Eymus Weya (Foto: Robert Mboik Cepos)

SENTANI-Dewan Perwakilan Rakyat Daerah (DPRD) Jayapura telah melakukan Kunjungan Kerja (Kunker) untuk melihat realisasi program Pemerintah Kabupaten (Pemkab) Jayapura di Tahun 2020.
Ketua Komisi B DPRD Jayapura, Eymus Weya mengatakan, sesuai jadwal, seluruh anggota DPRD Jayapura yang terbagi dalam komisi-komisi melakukan kunjungan kerja ke masing-masing wilayah sesuai yang sudah ditetapkan.
“Untuk kami di Komisi B telah melakukan kunjungan kerja ke beberapa titik, kunjungan pertama ke Sentani Barat, kemudian ke Distrik Depapre, kemudian lanjut ke Distrik Unurumguay dan Distrik Namblong dan Distrik Waibu,”kata Eymus Weya kepada media ini di Kantor DPRD Jayapura, Jumat,(4/12) kemarin.
Dia mengatakan, setelah pihaknya melakukan kunjungan kerja ke lapangan terkait program dan kegiatan dari mitra Komisi B, ada beberapa program kegiatan yang diusulkan atau yang diprogramkan oleh OPD, diantaranya Dinas PU PR, Dinas Perhubungan, Dinas Perumahan sehingga melalui kunjungan kerja itu, pihaknya melakukan dialog dan diskusi langsung dengan masyarakat.
“Masyarakat juga memberikan apresiasi kepada pemerintah daerah melalui kepada OPD sesuai program kegiatan yang diakomodir dalam APBD, berdasarkan Musrenbang dari tingkat RT/RW, kampung, distrik dan kabupaten,”ujarnya.

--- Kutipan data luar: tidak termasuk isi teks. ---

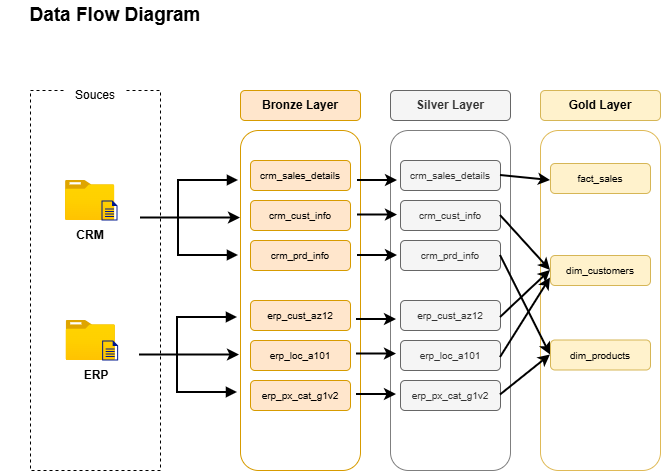

The diagram above was exported from draw.io. Its source (the exported page's mxGraphModel, read from the mxfile embedded in the PNG):
<mxGraphModel dx="1426" dy="841" grid="1" gridSize="10" guides="1" tooltips="1" connect="1" arrows="1" fold="1" page="1" pageScale="1" pageWidth="1920" pageHeight="1200" math="0" shadow="0">
  <root>
    <mxCell id="0" />
    <mxCell id="1" parent="0" />
    <mxCell id="yiRW47syKtbX3_52Ipra-1" parent="1" style="rounded=0;whiteSpace=wrap;html=1;dashed=1;fillColor=none;movable=0;resizable=0;rotatable=0;deletable=0;editable=0;locked=1;connectable=0;" value="" vertex="1">
      <mxGeometry height="380" width="130" x="50" y="120" as="geometry" />
    </mxCell>
    <mxCell id="yiRW47syKtbX3_52Ipra-2" parent="1" style="text;html=1;whiteSpace=wrap;strokeColor=none;fillColor=default;align=center;verticalAlign=middle;rounded=0;" value="Souces" vertex="1">
      <mxGeometry height="30" width="60" x="85" y="110" as="geometry" />
    </mxCell>
    <mxCell id="yiRW47syKtbX3_52Ipra-5" connectable="0" parent="1" style="group" value="" vertex="1">
      <mxGeometry height="50" width="60" x="85" y="210" as="geometry" />
    </mxCell>
    <mxCell id="yiRW47syKtbX3_52Ipra-3" parent="yiRW47syKtbX3_52Ipra-5" style="image;aspect=fixed;html=1;points=[];align=center;fontSize=12;image=img/lib/azure2/general/Folder_Blank.svg;" value="" vertex="1">
      <mxGeometry height="40" width="49.29" as="geometry" />
    </mxCell>
    <mxCell id="yiRW47syKtbX3_52Ipra-4" parent="yiRW47syKtbX3_52Ipra-5" style="sketch=0;aspect=fixed;pointerEvents=1;shadow=0;dashed=0;html=1;strokeColor=none;labelPosition=center;verticalLabelPosition=bottom;verticalAlign=top;align=center;fillColor=#00188D;shape=mxgraph.mscae.enterprise.document;fillStyle=solid;" value="" vertex="1">
      <mxGeometry height="20" width="16" x="36" y="20" as="geometry" />
    </mxCell>
    <mxCell id="yiRW47syKtbX3_52Ipra-6" connectable="0" parent="1" style="group" value="" vertex="1">
      <mxGeometry height="50" width="60" x="85.64" y="350" as="geometry" />
    </mxCell>
    <mxCell id="yiRW47syKtbX3_52Ipra-7" parent="yiRW47syKtbX3_52Ipra-6" style="image;aspect=fixed;html=1;points=[];align=center;fontSize=12;image=img/lib/azure2/general/Folder_Blank.svg;" value="" vertex="1">
      <mxGeometry height="40" width="49.29" as="geometry" />
    </mxCell>
    <mxCell id="yiRW47syKtbX3_52Ipra-8" parent="yiRW47syKtbX3_52Ipra-6" style="sketch=0;aspect=fixed;pointerEvents=1;shadow=0;dashed=0;html=1;strokeColor=none;labelPosition=center;verticalLabelPosition=bottom;verticalAlign=top;align=center;fillColor=#00188D;shape=mxgraph.mscae.enterprise.document" value="" vertex="1">
      <mxGeometry height="20" width="16" x="36" y="20" as="geometry" />
    </mxCell>
    <mxCell id="yiRW47syKtbX3_52Ipra-10" parent="1" style="text;html=1;whiteSpace=wrap;strokeColor=none;fillColor=none;align=center;verticalAlign=middle;rounded=0;" value="&lt;b&gt;CRM&lt;/b&gt;" vertex="1">
      <mxGeometry height="30" width="60" x="79.63999999999999" y="250" as="geometry" />
    </mxCell>
    <mxCell id="yiRW47syKtbX3_52Ipra-9" parent="1" style="text;html=1;whiteSpace=wrap;strokeColor=none;fillColor=none;align=center;verticalAlign=middle;rounded=0;" value="&lt;b&gt;ERP&lt;/b&gt;" vertex="1">
      <mxGeometry height="30" width="60" x="85.63999999999999" y="390" as="geometry" />
    </mxCell>
    <mxCell id="R_-zd66lhwKhugS4O5I1-1" parent="1" style="rounded=1;whiteSpace=wrap;html=1;fillColor=#ffe6cc;strokeColor=#d79b00;fontStyle=1" value="Bronze Layer" vertex="1">
      <mxGeometry height="30" width="120" x="260" y="120" as="geometry" />
    </mxCell>
    <mxCell id="R_-zd66lhwKhugS4O5I1-2" parent="1" style="rounded=1;whiteSpace=wrap;html=1;fillColor=none;strokeColor=#d79b00;movable=0;resizable=0;rotatable=0;deletable=0;editable=0;locked=1;connectable=0;" value="" vertex="1">
      <mxGeometry height="340" width="120" x="260" y="160" as="geometry" />
    </mxCell>
    <mxCell id="R_-zd66lhwKhugS4O5I1-3" parent="1" style="rounded=1;whiteSpace=wrap;html=1;fillColor=#f5f5f5;strokeColor=#666666;fontColor=#333333;fontStyle=1" value="Silver Layer" vertex="1">
      <mxGeometry height="30" width="120" x="410" y="120" as="geometry" />
    </mxCell>
    <mxCell id="R_-zd66lhwKhugS4O5I1-4" parent="1" style="rounded=1;whiteSpace=wrap;html=1;fillColor=none;strokeColor=light-dark(#7F7F7F,#996500);strokeWidth=1;movable=0;resizable=0;rotatable=0;deletable=0;editable=0;locked=1;connectable=0;" value="" vertex="1">
      <mxGeometry height="340" width="120" x="410" y="160" as="geometry" />
    </mxCell>
    <mxCell id="R_-zd66lhwKhugS4O5I1-5" parent="1" style="rounded=1;whiteSpace=wrap;html=1;fillColor=#fff2cc;strokeColor=#d6b656;fontStyle=1" value="Gold Layer" vertex="1">
      <mxGeometry height="30" width="120" x="560" y="120" as="geometry" />
    </mxCell>
    <mxCell id="R_-zd66lhwKhugS4O5I1-6" parent="1" style="rounded=1;whiteSpace=wrap;html=1;fillColor=none;strokeColor=light-dark(#DFBA57,#996500);strokeWidth=1;" value="" vertex="1">
      <mxGeometry height="340" width="120" x="560" y="160" as="geometry" />
    </mxCell>
    <mxCell id="R_-zd66lhwKhugS4O5I1-27" parent="1" style="rounded=1;whiteSpace=wrap;html=1;fillColor=#ffe6cc;strokeColor=#d79b00;fontStyle=0;fontSize=10;" value="crm_sales_details" vertex="1">
      <mxGeometry height="30" width="100" x="270" y="190" as="geometry" />
    </mxCell>
    <mxCell id="R_-zd66lhwKhugS4O5I1-28" parent="1" style="rounded=1;whiteSpace=wrap;html=1;fillColor=#ffe6cc;strokeColor=#d79b00;fontStyle=0;fontSize=10;" value="crm_cust_info" vertex="1">
      <mxGeometry height="30" width="100" x="270" y="230" as="geometry" />
    </mxCell>
    <mxCell id="R_-zd66lhwKhugS4O5I1-29" parent="1" style="rounded=1;whiteSpace=wrap;html=1;fillColor=#ffe6cc;strokeColor=#d79b00;fontStyle=0;fontSize=10;" value="crm_prd_info" vertex="1">
      <mxGeometry height="30" width="100" x="270" y="270" as="geometry" />
    </mxCell>
    <mxCell id="R_-zd66lhwKhugS4O5I1-30" parent="1" style="rounded=1;whiteSpace=wrap;html=1;fillColor=#ffe6cc;strokeColor=#d79b00;fontStyle=0;fontSize=10;" value="erp_cust_az12" vertex="1">
      <mxGeometry height="30" width="100" x="270" y="330" as="geometry" />
    </mxCell>
    <mxCell id="R_-zd66lhwKhugS4O5I1-31" parent="1" style="rounded=1;whiteSpace=wrap;html=1;fillColor=#ffe6cc;strokeColor=#d79b00;fontStyle=0;fontSize=10;" value="erp_loc_a101" vertex="1">
      <mxGeometry height="30" width="100" x="270" y="370" as="geometry" />
    </mxCell>
    <mxCell id="R_-zd66lhwKhugS4O5I1-32" parent="1" style="rounded=1;whiteSpace=wrap;html=1;fillColor=#ffe6cc;strokeColor=#d79b00;fontStyle=0;fontSize=10;" value="erp_px_cat_g1v2" vertex="1">
      <mxGeometry height="30" width="100" x="270" y="410" as="geometry" />
    </mxCell>
    <mxCell id="R_-zd66lhwKhugS4O5I1-33" parent="1" style="rounded=1;whiteSpace=wrap;html=1;fillColor=#f5f5f5;strokeColor=#666666;fontStyle=0;fontSize=10;fontColor=#333333;" value="crm_sales_details" vertex="1">
      <mxGeometry height="30" width="100" x="420" y="190" as="geometry" />
    </mxCell>
    <mxCell id="R_-zd66lhwKhugS4O5I1-34" parent="1" style="rounded=1;whiteSpace=wrap;html=1;fillColor=#f5f5f5;strokeColor=#666666;fontStyle=0;fontSize=10;fontColor=#333333;" value="crm_cust_info" vertex="1">
      <mxGeometry height="30" width="100" x="420" y="230" as="geometry" />
    </mxCell>
    <mxCell id="R_-zd66lhwKhugS4O5I1-35" parent="1" style="rounded=1;whiteSpace=wrap;html=1;fillColor=#f5f5f5;strokeColor=#666666;fontStyle=0;fontSize=10;fontColor=#333333;" value="crm_prd_info" vertex="1">
      <mxGeometry height="30" width="100" x="420" y="270" as="geometry" />
    </mxCell>
    <mxCell id="R_-zd66lhwKhugS4O5I1-36" parent="1" style="rounded=1;whiteSpace=wrap;html=1;fillColor=#f5f5f5;strokeColor=#666666;fontStyle=0;fontSize=10;fontColor=#333333;" value="erp_cust_az12" vertex="1">
      <mxGeometry height="30" width="100" x="420" y="330" as="geometry" />
    </mxCell>
    <mxCell id="R_-zd66lhwKhugS4O5I1-37" parent="1" style="rounded=1;whiteSpace=wrap;html=1;fillColor=#f5f5f5;strokeColor=#666666;fontStyle=0;fontSize=10;fontColor=#333333;" value="erp_loc_a101" vertex="1">
      <mxGeometry height="30" width="100" x="420" y="370" as="geometry" />
    </mxCell>
    <mxCell id="R_-zd66lhwKhugS4O5I1-38" parent="1" style="rounded=1;whiteSpace=wrap;html=1;fillColor=#f5f5f5;strokeColor=#666666;fontStyle=0;fontSize=10;fontColor=#333333;" value="erp_px_cat_g1v2" vertex="1">
      <mxGeometry height="30" width="100" x="420" y="410" as="geometry" />
    </mxCell>
    <mxCell id="R_-zd66lhwKhugS4O5I1-39" parent="1" style="rounded=1;whiteSpace=wrap;html=1;fillColor=#fff2cc;strokeColor=#d6b656;fontStyle=0;fontSize=10;" value="fact_sales" vertex="1">
      <mxGeometry height="30" width="100" x="570" y="193" as="geometry" />
    </mxCell>
    <mxCell id="R_-zd66lhwKhugS4O5I1-40" parent="1" style="rounded=1;whiteSpace=wrap;html=1;fillColor=#fff2cc;strokeColor=#d6b656;fontStyle=0;fontSize=10;" value="dim_customers" vertex="1">
      <mxGeometry height="30" width="100" x="570" y="285" as="geometry" />
    </mxCell>
    <mxCell id="R_-zd66lhwKhugS4O5I1-41" parent="1" style="rounded=1;whiteSpace=wrap;html=1;fillColor=#fff2cc;strokeColor=#d6b656;fontStyle=0;fontSize=10;" value="dim_products" vertex="1">
      <mxGeometry height="30" width="100" x="570" y="369.5" as="geometry" />
    </mxCell>
    <mxCell id="R_-zd66lhwKhugS4O5I1-48" connectable="0" parent="1" style="group" value="" vertex="1">
      <mxGeometry height="75" width="100" x="160" y="210" as="geometry" />
    </mxCell>
    <mxCell id="R_-zd66lhwKhugS4O5I1-45" edge="1" parent="R_-zd66lhwKhugS4O5I1-48" style="html=1;labelBackgroundColor=#ffffff;endArrow=classic;endFill=1;endSize=6;jettySize=auto;orthogonalLoop=1;strokeWidth=2;fontSize=14;rounded=0;" value="">
      <mxGeometry height="60" relative="1" width="60" as="geometry">
        <mxPoint y="37.5" as="sourcePoint" />
        <mxPoint x="100" y="37.5" as="targetPoint" />
      </mxGeometry>
    </mxCell>
    <mxCell id="R_-zd66lhwKhugS4O5I1-46" edge="1" parent="R_-zd66lhwKhugS4O5I1-48" style="html=1;labelBackgroundColor=#ffffff;jettySize=auto;orthogonalLoop=1;fontSize=14;rounded=0;jumpStyle=gap;edgeStyle=orthogonalEdgeStyle;startArrow=none;endArrow=block;strokeWidth=2;endFill=1;entryX=0;entryY=0.75;entryDx=0;entryDy=0;" value="">
      <mxGeometry height="48" relative="1" width="48" as="geometry">
        <Array as="points">
          <mxPoint x="38" y="0.5" />
        </Array>
        <mxPoint x="38" y="37.5" as="sourcePoint" />
        <mxPoint x="98" as="targetPoint" />
      </mxGeometry>
    </mxCell>
    <mxCell id="R_-zd66lhwKhugS4O5I1-47" edge="1" parent="R_-zd66lhwKhugS4O5I1-48" style="html=1;labelBackgroundColor=#ffffff;jettySize=auto;orthogonalLoop=1;fontSize=14;rounded=0;jumpStyle=gap;edgeStyle=orthogonalEdgeStyle;startArrow=none;endArrow=block;strokeWidth=2;endFill=1;entryX=0;entryY=0.75;entryDx=0;entryDy=0;" value="">
      <mxGeometry height="48" relative="1" width="48" as="geometry">
        <Array as="points">
          <mxPoint x="38" y="74.5" />
        </Array>
        <mxPoint x="38" y="37.5" as="sourcePoint" />
        <mxPoint x="98" y="75" as="targetPoint" />
      </mxGeometry>
    </mxCell>
    <mxCell id="R_-zd66lhwKhugS4O5I1-49" connectable="0" parent="1" style="group" value="" vertex="1">
      <mxGeometry height="75" width="100" x="159" y="347" as="geometry" />
    </mxCell>
    <mxCell id="R_-zd66lhwKhugS4O5I1-50" edge="1" parent="R_-zd66lhwKhugS4O5I1-49" style="html=1;labelBackgroundColor=#ffffff;endArrow=classic;endFill=1;endSize=6;jettySize=auto;orthogonalLoop=1;strokeWidth=2;fontSize=14;rounded=0;" value="">
      <mxGeometry height="60" relative="1" width="60" as="geometry">
        <mxPoint y="37.5" as="sourcePoint" />
        <mxPoint x="100" y="37.5" as="targetPoint" />
      </mxGeometry>
    </mxCell>
    <mxCell id="R_-zd66lhwKhugS4O5I1-51" edge="1" parent="R_-zd66lhwKhugS4O5I1-49" style="html=1;labelBackgroundColor=#ffffff;jettySize=auto;orthogonalLoop=1;fontSize=14;rounded=0;jumpStyle=gap;edgeStyle=orthogonalEdgeStyle;startArrow=none;endArrow=block;strokeWidth=2;endFill=1;entryX=0;entryY=0.75;entryDx=0;entryDy=0;" value="">
      <mxGeometry height="48" relative="1" width="48" as="geometry">
        <Array as="points">
          <mxPoint x="38" y="0.5" />
        </Array>
        <mxPoint x="38" y="37.5" as="sourcePoint" />
        <mxPoint x="98" as="targetPoint" />
      </mxGeometry>
    </mxCell>
    <mxCell id="R_-zd66lhwKhugS4O5I1-52" edge="1" parent="R_-zd66lhwKhugS4O5I1-49" style="html=1;labelBackgroundColor=#ffffff;jettySize=auto;orthogonalLoop=1;fontSize=14;rounded=0;jumpStyle=gap;edgeStyle=orthogonalEdgeStyle;startArrow=none;endArrow=block;strokeWidth=2;endFill=1;entryX=0;entryY=0.75;entryDx=0;entryDy=0;" value="">
      <mxGeometry height="48" relative="1" width="48" as="geometry">
        <Array as="points">
          <mxPoint x="38" y="74.5" />
        </Array>
        <mxPoint x="38" y="37.5" as="sourcePoint" />
        <mxPoint x="98" y="75" as="targetPoint" />
      </mxGeometry>
    </mxCell>
    <mxCell id="R_-zd66lhwKhugS4O5I1-54" edge="1" parent="1" style="html=1;labelBackgroundColor=#ffffff;endArrow=classic;endFill=1;endSize=6;jettySize=auto;orthogonalLoop=1;strokeWidth=2;fontSize=14;rounded=0;" value="">
      <mxGeometry height="60" relative="1" width="60" as="geometry">
        <mxPoint x="377" y="210" as="sourcePoint" />
        <mxPoint x="417" y="210" as="targetPoint" />
      </mxGeometry>
    </mxCell>
    <mxCell id="R_-zd66lhwKhugS4O5I1-58" edge="1" parent="1" style="html=1;labelBackgroundColor=#ffffff;endArrow=classic;endFill=1;endSize=6;jettySize=auto;orthogonalLoop=1;strokeWidth=2;fontSize=14;rounded=0;" value="">
      <mxGeometry height="60" relative="1" width="60" as="geometry">
        <mxPoint x="377" y="244.5" as="sourcePoint" />
        <mxPoint x="417" y="244.5" as="targetPoint" />
      </mxGeometry>
    </mxCell>
    <mxCell id="R_-zd66lhwKhugS4O5I1-59" edge="1" parent="1" style="html=1;labelBackgroundColor=#ffffff;endArrow=classic;endFill=1;endSize=6;jettySize=auto;orthogonalLoop=1;strokeWidth=2;fontSize=14;rounded=0;" value="">
      <mxGeometry height="60" relative="1" width="60" as="geometry">
        <mxPoint x="377" y="285" as="sourcePoint" />
        <mxPoint x="417" y="285" as="targetPoint" />
      </mxGeometry>
    </mxCell>
    <mxCell id="R_-zd66lhwKhugS4O5I1-60" edge="1" parent="1" style="html=1;labelBackgroundColor=#ffffff;endArrow=classic;endFill=1;endSize=6;jettySize=auto;orthogonalLoop=1;strokeWidth=2;fontSize=14;rounded=0;" value="">
      <mxGeometry height="60" relative="1" width="60" as="geometry">
        <mxPoint x="376" y="349" as="sourcePoint" />
        <mxPoint x="416" y="349" as="targetPoint" />
      </mxGeometry>
    </mxCell>
    <mxCell id="R_-zd66lhwKhugS4O5I1-61" edge="1" parent="1" style="html=1;labelBackgroundColor=#ffffff;endArrow=classic;endFill=1;endSize=6;jettySize=auto;orthogonalLoop=1;strokeWidth=2;fontSize=14;rounded=0;" value="">
      <mxGeometry height="60" relative="1" width="60" as="geometry">
        <mxPoint x="376" y="383.5" as="sourcePoint" />
        <mxPoint x="416" y="383.5" as="targetPoint" />
      </mxGeometry>
    </mxCell>
    <mxCell id="R_-zd66lhwKhugS4O5I1-62" edge="1" parent="1" style="html=1;labelBackgroundColor=#ffffff;endArrow=classic;endFill=1;endSize=6;jettySize=auto;orthogonalLoop=1;strokeWidth=2;fontSize=14;rounded=0;" value="">
      <mxGeometry height="60" relative="1" width="60" as="geometry">
        <mxPoint x="376" y="424" as="sourcePoint" />
        <mxPoint x="416" y="424" as="targetPoint" />
      </mxGeometry>
    </mxCell>
    <mxCell id="R_-zd66lhwKhugS4O5I1-63" edge="1" parent="1" source="R_-zd66lhwKhugS4O5I1-33" style="html=1;labelBackgroundColor=#ffffff;endArrow=classic;endFill=1;endSize=6;jettySize=auto;orthogonalLoop=1;strokeWidth=2;fontSize=14;rounded=0;exitX=1;exitY=0.5;exitDx=0;exitDy=0;" value="">
      <mxGeometry height="60" relative="1" width="60" as="geometry">
        <mxPoint x="530" y="210" as="sourcePoint" />
        <mxPoint x="570" y="210" as="targetPoint" />
      </mxGeometry>
    </mxCell>
    <mxCell id="R_-zd66lhwKhugS4O5I1-64" edge="1" parent="1" source="R_-zd66lhwKhugS4O5I1-34" style="html=1;labelBackgroundColor=#ffffff;endArrow=classic;endFill=1;endSize=6;jettySize=auto;orthogonalLoop=1;strokeWidth=2;fontSize=14;rounded=0;entryX=0;entryY=0.5;entryDx=0;entryDy=0;exitX=1;exitY=0.5;exitDx=0;exitDy=0;" target="R_-zd66lhwKhugS4O5I1-40" value="">
      <mxGeometry height="60" relative="1" width="60" as="geometry">
        <mxPoint x="530" y="247" as="sourcePoint" />
        <mxPoint x="570" y="247" as="targetPoint" />
      </mxGeometry>
    </mxCell>
    <mxCell id="R_-zd66lhwKhugS4O5I1-65" edge="1" parent="1" style="html=1;labelBackgroundColor=#ffffff;endArrow=classic;endFill=1;endSize=6;jettySize=auto;orthogonalLoop=1;strokeWidth=2;fontSize=14;rounded=0;entryX=0;entryY=0.5;entryDx=0;entryDy=0;exitX=1;exitY=0.5;exitDx=0;exitDy=0;" target="R_-zd66lhwKhugS4O5I1-41" value="">
      <mxGeometry height="60" relative="1" width="60" as="geometry">
        <mxPoint x="520" y="285" as="sourcePoint" />
        <mxPoint x="570" y="340" as="targetPoint" />
      </mxGeometry>
    </mxCell>
    <mxCell id="R_-zd66lhwKhugS4O5I1-66" edge="1" parent="1" style="html=1;labelBackgroundColor=#ffffff;endArrow=classic;endFill=1;endSize=6;jettySize=auto;orthogonalLoop=1;strokeWidth=2;fontSize=14;rounded=0;entryX=0;entryY=0.5;entryDx=0;entryDy=0;exitX=1;exitY=0.5;exitDx=0;exitDy=0;" target="R_-zd66lhwKhugS4O5I1-40" value="">
      <mxGeometry height="60" relative="1" width="60" as="geometry">
        <mxPoint x="520" y="347" as="sourcePoint" />
        <mxPoint x="570" y="447" as="targetPoint" />
      </mxGeometry>
    </mxCell>
    <mxCell id="R_-zd66lhwKhugS4O5I1-67" edge="1" parent="1" style="html=1;labelBackgroundColor=#ffffff;endArrow=classic;endFill=1;endSize=6;jettySize=auto;orthogonalLoop=1;strokeWidth=2;fontSize=14;rounded=0;entryX=0;entryY=0.75;entryDx=0;entryDy=0;exitX=1;exitY=0.5;exitDx=0;exitDy=0;" target="R_-zd66lhwKhugS4O5I1-40" value="">
      <mxGeometry height="60" relative="1" width="60" as="geometry">
        <mxPoint x="520" y="387" as="sourcePoint" />
        <mxPoint x="570" y="340" as="targetPoint" />
      </mxGeometry>
    </mxCell>
    <mxCell id="R_-zd66lhwKhugS4O5I1-68" edge="1" parent="1" style="html=1;labelBackgroundColor=#ffffff;endArrow=classic;endFill=1;endSize=6;jettySize=auto;orthogonalLoop=1;strokeWidth=2;fontSize=14;rounded=0;entryX=0;entryY=0.5;entryDx=0;entryDy=0;exitX=1;exitY=0.5;exitDx=0;exitDy=0;" target="R_-zd66lhwKhugS4O5I1-41" value="">
      <mxGeometry height="60" relative="1" width="60" as="geometry">
        <mxPoint x="520" y="424.5" as="sourcePoint" />
        <mxPoint x="570" y="345.5" as="targetPoint" />
      </mxGeometry>
    </mxCell>
    <mxCell id="bN5soMxzM0yMVCFGsSqN-1" parent="1" style="text;html=1;whiteSpace=wrap;strokeColor=none;fillColor=none;align=center;verticalAlign=middle;rounded=0;shadow=0;fontStyle=1;fontSize=19;" value="Data Flow Diagram" vertex="1">
      <mxGeometry height="30" width="230" x="20" y="30" as="geometry" />
    </mxCell>
  </root>
</mxGraphModel>

Di satu sisi, masyarakat juga menyoroti usulan mereka dalam Musrenbang yang tidak semuanya diakomodir melalui APBD Kabupaten Jayapura.
“Setiap program yang mereka ajukan kepada pemerintah daerah, ternyata tidak semua diakomodir,” ujarnya.
Bahkan yang lebih mengecewakan lagi, masyarakat mengaku, ada juga usulan program yang sudah disampaikan sejak Tahun 2012 lalu. Secara umum kebutuhan yang paling urgen disampaikan oleh masyarakat terkait kebutuhan jalan yang layak untuk transportasi. Karena memang akses perekonomian dari kampung ke kota dan kota ke kampung itu akan berjalan baik jika kondisi jalannya diperhatikan atau diperbaiki oleh pemerintah.
“Yang kedua kebutuhan air bersih, karena air bersih ini boleh dikatakan sumber kebutuhan utama dari masyarakat. Kalau di kota, kita masih bisa beli bor dan lain-lain, tapi kalau di kampung tidak bisa,”imbuhnya. (roy/tho)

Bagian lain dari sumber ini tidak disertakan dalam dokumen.